Last year, Edward Luce's In Spite of the Gods pointed out the tension between the growing ascendancy of the middle class, which wants to punch its weight on the international scene, and the pulls from the hinterland, where chronic inequities remain. Observing more closely the burgeoning India-US partnership - in July the US made an exception of India from the Non-Proliferation Treaty, effectively acknowledging its status as a nuclear power - Mira Kamdar fills Planet India with fascinating anecdotes (Indians will buy more cell phones than any other nationality this year; at the same time, one out of three malnourished children in the world are in India) and explores the business-to-business links that are connecting India with the world. In Holy Warriors, Edna Fernandes travels through the country, meeting fanatics from all faiths who would like to pull it apart. These three long-form narratives portray a nation in turmoil.

I believe, however, that the answer India offers is one of hope, and not despair. To make sense of that, turn to two scholars, who have stepped out of their ivory towers to explore the reality of modern India. The philosopher Martha Nussbaum, in Chicago, and the historian Rama chandra Guha, in Bangalore, argue there is much to learn from India. They arrive at similar conclusions, approaching the country from different ends of the spectrum. Nussbaum is an informed outsider looking in; Guha is a multidisciplinary insider looking out. Nussbaum takes one incident - the 2002 Gujarat riots that followed the burning of a train carrying Hindu activists in Godhra - and builds a grand narrative of Hindu nationalism's fierce challenge to India's secular ethos. Guha takes the history of India ignored by many academics - its life after Mohandas Gandhi was assassinated in 1948 - and follows the reorganisation of its states, wars with Pakistan and China, its internal rebellions, and the rise of popular culture, to emphasise one point: its democratic resilience.
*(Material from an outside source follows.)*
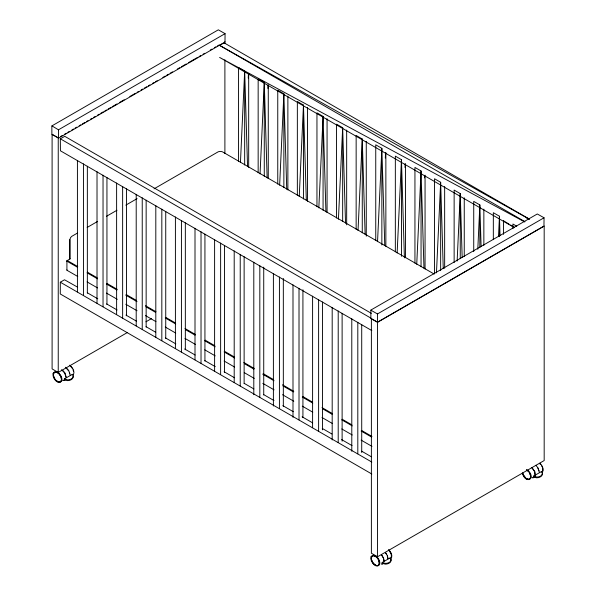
<?xml version="1.0" encoding="UTF-8"?>
<svg xmlns="http://www.w3.org/2000/svg" width="596" height="596" viewBox="0 0 596 596"><rect width="100%" height="100%" fill="white"/><g stroke="black" fill="none" stroke-linecap="round" stroke-linejoin="round"><path stroke-width="0.89" d="M377.462 322.317L377.588 313.883L544.051 217.771L537.287 213.979L370.921 310.032L370.831 318.488L377.588 322.28L543.954 226.227L544.051 217.771M543.507 226.346L377.514 322.183L377.514 556.776L544.178 460.559L544.178 225.966M240.441 162.626L244.673 71.125L238.564 67.594L238.564 161.464M248.249 78.054L248.42 74.358M260.042 173.943L264.274 82.442L258.157 78.91L258.157 172.78M267.895 88.446L268.021 85.675M279.636 185.252L283.867 93.758L277.758 90.227L277.758 184.097M299.237 196.568L303.468 105.067L297.352 101.544L297.352 195.413M318.83 207.885L323.069 116.384L316.953 112.853L316.953 206.723M338.431 219.201L342.663 127.7L336.546 124.169L336.546 218.039M358.032 230.51L362.264 139.017L356.147 135.486L356.147 229.356M377.544 241.693L381.857 148.344L375.748 144.813L375.748 240.546M385.307 158.044L385.567 152.501M397.137 253.002L401.458 159.661L395.342 156.13L395.342 251.855M404.989 167.513L405.161 163.818M416.738 264.319L421.052 170.97L414.943 167.439L414.943 263.171M424.628 177.906L424.717 176.051M436.466 272.864L440.653 182.287L434.536 178.755L434.536 273.557M457.132 261.07L460.254 193.603L454.137 190.072L454.137 262.568M477.798 249.277L479.847 204.92L473.731 201.388L473.731 251.572M498.502 236.567L499.448 216.229L493.332 212.697L493.332 239.652M53.513 373.655L53.469 376.016M53.595 373.722L53.551 376.039M61.284 380.501L61.418 379.436L61.358 380.568M371.286 558.333L371.792 556.321L373.327 555.628M371.42 559.562L371.464 557.245M379.153 564.025L379.153 561.73L378.117 559.152M379.235 564.092L379.414 562.982M391.304 557.007L391.445 555.941M391.386 557.074L391.304 554.72M530.544 477.746L530.47 475.392M530.589 477.724L530.731 476.636M535.111 475.75L534.657 471.682L531.9 467.748M535.327 475.943L534.85 471.667L531.96 467.547M542.695 470.736L542.695 468.396M64.316 378.967L67.594 379.875A6.772 4.507 9.1 0 0 73.226 376.62L73.204 375.316L72.362 374.325L64.316 378.967L64.182 379.726L67.46 380.628A6.772 4.507 9.1 0 0 73.092 377.38L73.07 376.076M72.228 375.078L72.362 374.325M382.185 562.49L385.47 563.391A6.772 4.507 9.1 0 0 391.095 560.143L391.073 558.839L390.231 557.841L382.185 562.49L382.051 563.25L385.336 564.151A6.772 4.507 9.1 0 0 390.969 560.903L390.939 559.599M390.097 558.601L390.231 557.841M542.256 473.254L542.278 474.558A6.772 4.507 9.1 0 1 536.646 477.806L533.368 476.904L533.502 476.144L541.548 471.503L542.39 472.494L542.412 473.798A6.772 4.507 9.1 0 1 536.78 477.053L533.502 476.144M541.414 472.255L541.548 471.503M51.852 125.957L51.882 134.346L58.609 138.123L224.983 42.07L225.072 33.652L218.315 29.822L51.941 125.875L58.46 129.809L58.49 138.063M371.345 313.332L64.778 136.342L60.323 138.793L60.427 150.795L371.815 330.579M77.659 287.205L64.502 279.77L60.323 282.221L60.285 293.984L371.815 474.006M69.859 239.637L69.866 258.828L69.859 239.637L70.581 237.558L71.833 236.307L77.48 233.051M53.469 373.677C54.504 370.652 58.259 372.478 59.466 374.422M53.551 373.744L53.998 372.88M60.956 381.425L61.328 380.479L61.001 381.403L59.458 382.215M73.39 374.862C75.111 371.338 72.489 367.143 69.508 365.184M371.42 557.267L373.282 555.658L376.322 556.969M378.825 564.948L379.198 563.995M379.28 564.069L378.177 565.507M530.067 478.521L530.47 477.679M530.514 477.657L529.486 479.162L527.661 479.273M542.576 472.039C544.178 468.978 542.114 465.342 539.857 463.204M77.398 267.217L66.916 261.167L67.296 260.541L77.771 266.591M53.945 372.91L54.631 372.336M60.926 381.313L59.421 382.118M378.117 565.41L378.803 564.837M390.551 558.996C393.479 556.366 390.894 551.71 388.54 549.542M529.434 479.065L530.112 478.491M534.85 476.934L533.107 477.858L531.96 477.724M533.368 476.904L535.707 475.541M60.65 136.454L62.26 135.523M64.673 134.13L66.283 133.199M67.892 132.275L69.501 131.344M71.915 129.95L73.524 129.019M75.133 128.088L76.742 127.164M79.156 125.771L80.765 124.84M82.375 123.908L84.788 122.515M86.398 121.591L88.007 120.66M90.421 119.267L92.03 118.336M93.632 117.405L95.241 116.481M97.655 115.088L99.264 114.156M100.873 113.225L103.287 111.832M104.896 110.908L106.505 109.977M108.114 109.046L110.528 107.653M112.137 106.721L116.965 103.935M119.379 102.542L124.206 99.755M129.839 96.507L135.471 93.252M137.08 92.32L138.689 91.397M141.103 90.003L142.712 89.072M144.321 88.141L146.735 86.748M148.344 85.824L149.954 84.893M152.367 83.5L153.977 82.568M155.586 81.637L157.195 80.713M162.827 77.458L165.241 76.064M166.85 75.141L168.459 74.209M170.069 73.278L172.482 71.885M177.31 69.099L179.724 67.706M181.333 66.774L186.161 63.988M188.574 62.595L197.425 57.484M199.034 56.56L200.643 55.629M203.057 54.236L204.666 53.305M210.299 50.057L211.908 49.125M214.322 47.732L215.931 46.801M217.54 45.87L219.149 44.946M524.927 221.652L219.611 45.385L223.314 43.24M87.15 227.463L97.625 221.414M106.483 216.296L116.965 210.254M125.823 205.136L137.11 198.617M154.029 188.85L216.884 152.561C218.926 151.011 221.705 151.011 223.738 152.569L434.231 274.093M70.134 258.88L66.916 260.735L66.916 270.256L77.771 276.507M58.237 372.44L58.237 137.847L52.098 134.301L52.098 368.902L58.237 372.44L127.425 332.493M145.931 321.81L151.563 318.555M58.46 129.809L225.072 33.652M67.296 260.541L66.916 261.167M54.586 372.358L55.458 372.113M63.809 380.397L64.748 380.144M64.912 380.412L62.774 380.546M532.995 477.575L533.934 477.322M528.6 479.296L529.479 479.042M381.678 563.92L382.625 563.667M381.79 564.203L382.781 563.935M377.335 565.611L378.162 565.388M377.29 565.634L378.222 565.485M55.376 372.031L56.426 372.224M58.453 381.999L59.466 382.088M56.382 380.807L59.503 382.192M527.639 479.177L528.652 479.266M373.245 555.554L375.331 556.195M376.322 565.522L377.372 565.708L375.286 565.164L373.245 563.376M370.831 310.151L377.491 313.965M526.648 478.707L527.683 479.154M527.706 479.251L525.568 477.985L523.109 474.49M56.359 372.15L58.453 373.446M58.52 382.073L56.426 380.777M376.389 565.597L373.282 563.324L371.338 559.54L371.822 560.858M67.296 270.457L66.916 269.832M526.752 218.076L528.391 218.955M524.763 221.965L219.611 57.425L514.452 227.65M219.611 45.385L529.308 219.216M224.059 42.815L529.375 219.09M516.754 226.219L512.933 224.014L512.933 228.663M371.01 318.175L60.323 138.793M377.514 322.183L371.382 318.637L371.382 553.237L377.514 556.776M87.441 272.171L97.118 277.758M106.788 283.346L117.27 289.395M126.136 294.513L136.611 300.563M145.476 305.681L155.958 311.73M165.628 317.318L175.306 322.898M184.976 328.485L195.451 334.535M205.128 340.115L214.798 345.702M224.469 351.29L234.146 356.87M243.816 362.457L254.298 368.507M263.164 373.625L273.639 379.674M282.504 384.793L293.791 391.311M302.656 396.429L312.334 402.009M322.004 407.597L332.486 413.646M342.156 419.234L351.826 424.814M361.504 430.401L371.978 436.451M87.068 272.804L97.55 278.853M106.416 283.972L116.898 290.021M125.763 295.139L137.043 301.658M145.916 306.776L155.586 312.356M165.256 317.944L175.738 323.993M185.408 329.581L195.078 335.161M204.756 340.748L215.23 346.798M224.096 351.916L234.578 357.965M244.248 363.553L253.926 369.133M262.791 374.251L274.071 380.769M282.944 385.888L293.418 391.937M302.284 397.055L312.766 403.105M322.436 408.692L332.106 414.272M341.784 419.86L352.258 425.909M361.124 431.027L371.606 437.077M87.068 281.893L97.55 287.942M106.416 293.061L117.27 299.311M125.763 304.228L137.043 310.747M145.476 315.597L155.958 321.646M165.256 327.033L175.738 333.082M184.976 338.401L195.451 344.451M204.756 349.837L215.23 355.887M224.096 361.005L234.578 367.054M244.248 372.642L254.298 378.423M262.791 383.347L274.071 389.858M282.504 394.708L293.791 401.227M302.284 406.144L312.766 412.194M322.004 417.513L332.486 423.562M341.784 428.949L352.258 434.998M361.124 440.116L371.978 446.367M87.314 292.778L97.774 298.812M106.624 303.923L117.084 309.965M125.935 315.075L136.395 321.117M146.05 326.69L155.705 332.263M165.36 337.835L175.82 343.877M184.671 348.988L195.13 355.022M204.786 360.602L215.245 366.637M224.096 371.748L234.556 377.79M244.211 383.362L253.866 388.935M263.521 394.515L273.981 400.549M282.839 405.66L293.299 411.702M302.15 416.813L312.609 422.847M322.265 428.427L331.92 434M341.575 439.572L352.035 445.614M361.69 451.187L371.345 456.76M371.815 462.064L60.323 282.221M503.382 220.729L508.984 224.059M510.586 225.012L513.789 226.912M526.648 469.76L527.706 470.527M526.603 469.782L529.539 472.747L530.589 475.385M525.545 478.059L526.603 478.819M375.286 556.128L376.367 556.94M65.441 367.225L68.808 370.712L70.209 375.242M61.544 369.721L64.748 373.044L66.082 377.365M539.812 463.532L540.795 464.552L539.79 463.606M535.864 465.29L537.994 467.89L539.387 472.419M527.818 470.155C536.787 478.998 525.426 484.697 522.327 473.053M527.639 470.624L528.6 471.622M525.612 477.955L523.817 475.772M376.389 556.865L378.222 559.093L379.369 563.004M376.344 556.895L377.335 557.938M70.626 366.354L71.572 367.434M66.618 368.321L68.652 370.794M62.774 370.369L64.912 372.962L66.305 377.491M58.475 373.372L59.503 374.363M55.413 379.801L56.404 380.851M53.513 375.987L54.527 378.654L56.359 380.881M389.479 550.898L391.386 554.742M385.694 552.827L387.437 555.763L388.078 558.765M385.582 552.976L386.521 554.317M381.79 555.077L383.533 558.012L384.174 561.015M381.678 555.226L383.34 558.027L383.951 560.881M373.327 563.302L371.792 560.836M71.609 367.374L72.459 368.581M59.458 374.392L60.956 376.91L61.544 379.458M59.421 374.444L60.248 375.629M55.421 379.831L53.923 377.313M541.645 465.759L542.293 467.07M537.838 467.972L539.015 470.9M529.479 472.777L530.067 474.088M522.699 473.164L523.772 475.802M390.268 552.134L390.909 553.416M530.112 474.066L530.686 476.658M522.781 473.187L523.184 474.49M387.244 555.77L387.854 558.631M73.032 369.9L73.517 371.219M69.374 372.254L69.829 373.722M60.926 376.888L61.358 378.236M53.595 376.009L53.998 377.313M371.33 558.31L371.464 559.532M61.328 378.184L61.5 379.481M500.029 235.681L499.448 216.229L499.448 236.679M481.099 246.595L479.847 204.92L479.847 247.668M462.168 257.517L460.254 193.603L460.254 258.664M443.238 268.431L440.653 182.287L440.653 270.584M423.972 268.23L421.052 170.97L421.052 266.703M404.408 257.845L401.458 159.661L401.458 256.317M384.778 245.604L381.857 148.344L381.857 245.001M365.125 234.422L362.264 139.017L362.264 232.887M345.531 223.105L342.663 127.7L342.663 221.57M325.93 211.789L323.069 116.384L323.069 210.254M306.329 200.48L303.468 105.067L303.468 198.937M286.736 189.163L283.867 93.758L283.867 187.628M267.135 177.846L264.274 82.442L264.274 176.312M247.541 166.53L244.673 71.125L244.673 164.995M503.449 220.423L503.449 234.37M483.855 209.114L483.855 245.358M464.254 197.797L464.254 256.347M444.653 186.481L444.653 268.267M425.06 175.164L425.06 269.034M405.459 163.855L405.459 257.725M385.865 152.539L385.865 246.409M366.264 141.349L366.264 236.15M361.72 324.634L361.72 452.506M357.809 322.265L357.809 453.839M351.789 318.785L351.789 451.284M346.671 130.032L346.671 224.834M342.119 313.325L342.119 441.189M338.208 310.948L338.208 442.523M332.188 307.469L332.188 439.975M327.07 118.723L327.07 212.593M322.525 302.008L322.525 429.872M318.614 299.632L318.614 431.206M312.595 296.16L312.595 427.734M307.469 107.407L307.469 201.277M302.924 289.768L302.924 417.632M299.013 288.315L299.013 419.889M292.994 284.843L292.994 417.342M287.875 96.09L287.875 189.96M283.331 278.451L283.331 406.323M279.42 277.006L279.42 408.58M273.393 273.527L273.393 406.025M268.274 84.774L268.274 178.644M263.73 267.135L263.73 395.006M259.819 265.689L259.819 397.264M253.799 262.21L253.799 394.716M248.681 73.464L248.681 167.334M244.129 256.749L244.129 383.69M240.225 254.373L240.225 385.947M234.198 250.901L234.198 382.476M224.893 41.623L224.893 43.411M224.893 59.801L224.893 153.597M224.536 245.433L224.536 372.373M220.624 243.056L220.624 374.631M214.605 239.585L214.605 371.159M204.935 234.116L204.935 361.064M201.023 231.747L201.023 363.322M195.004 228.268L195.004 359.842M185.341 222.807L185.341 349.748M181.43 220.431L181.43 352.005M175.41 216.951L175.41 348.526M165.74 211.491L165.74 338.431M161.829 209.114L161.829 340.689M155.809 205.642L155.809 337.217M146.147 200.174L146.147 327.115M142.235 197.797L142.235 329.372M136.208 194.326L136.208 325.9M126.546 188.857L126.546 315.805M122.634 186.488L122.634 318.063M116.615 183.009L116.615 314.584M106.945 177.548L106.945 304.489M103.034 175.172L103.034 306.746M97.014 171.693L97.014 303.267M87.351 166.232L87.351 293.172M83.44 163.855L83.44 295.43M77.42 160.384L77.42 291.958M53.141 373.312C51.748 377.573 58.371 386.052 61.798 380.874C63.198 376.612 56.575 368.134 53.141 373.312M371.01 556.828C369.617 561.089 376.24 569.575 379.674 564.397C381.067 560.136 374.444 551.658 371.01 556.828"/></g></svg>

Nussbaum starts her story boldly, challenging the prevailing orthodoxy that a group of Muslims torched a train carrying Hindu activists, burning 58 of them alive. These activists were returning from Ayodhya, where they hoped to build a temple in place of a mosque, which their co-religionists had destroyed a decade earlier. In the riots that followed many Muslims died. But what really happened? There are serious doubts over the official narrative, and Nussbaum suggests that the fire could have started accidentally, and the pogrom was planned.

Nussbaum is right to focus on Hindu nationalism, if only to counter the assumption that all religious fundamentalism today emerges from mosques. Even if Muslims did burn that train, what followed in Gujarat was appalling and outrageous. Hindu activists targeted Muslim homes, brutally torturing, raping, murdering and burning many women, and the state stood by. What made this mass murder possible?

Nussbaum shows Gujarat had not made much progress in education and health care, and how it became home to Hindu nationalists. Gujaratis form a sizeable portion of the Indian diaspora, and many wealthy emigrants supported Hindu nationalists, not always realising their sinister agenda. The Hindu nationalists, on the wrong side of history since the time their leaders admired Hitler and one of their activists assassinated Gandhi, naturally turned to the source of their problem: history. They attacked prominent historians in India and in the US; once in power, they rewrote textbooks showing Muslim rulers poorly and praising the rule of the Nazis.

Many Hindus believed their interests were overlooked because India allowed the inspired ideas of Tagore, Gandhi and Nehru to lapse. Lacking the liberal education Tagore espoused, of a benign nationalism built on integrative humanism and shared public poetry, Indians focused on their narrower identities. Hindu nationalists increased their following by pointing out the government's appeasement of minorities, and by riding on the popularity of television serials of the Ramayana and Mahabharata, ancient epics. By 1998, the Hindu nationalist Bha ratiya Janata Party led a coalition at the centre.

As the inclusive, unifying impulse of India's founding fathers declined, an unusual, almost monotheistic, militarist view of Hinduism gained ascendance. But India abhors extremes and in 2004 the BJP-led alliance lost. For Nussbaum and for many others, it reinforced the idea of India as the land of synthesis, seeking balance.

Guha arrives at a similar conclusion, but builds his story by making us witnesses of events as they occur, drawing on contemporary accounts. His voluminous account may seem daunting, but it is crucial for the understanding of modern India. Writing Postwar, Tony Judt could claim, rightly, that his book could stand on the shoulders of other works, and assume that his readers knew certain things. Guha is correct in pointing out that such a luxury is not available to him: too little is written about contemporary India, and those who do write view India from a particular lens, as does V S Naipaul, or focus on particular phenomena.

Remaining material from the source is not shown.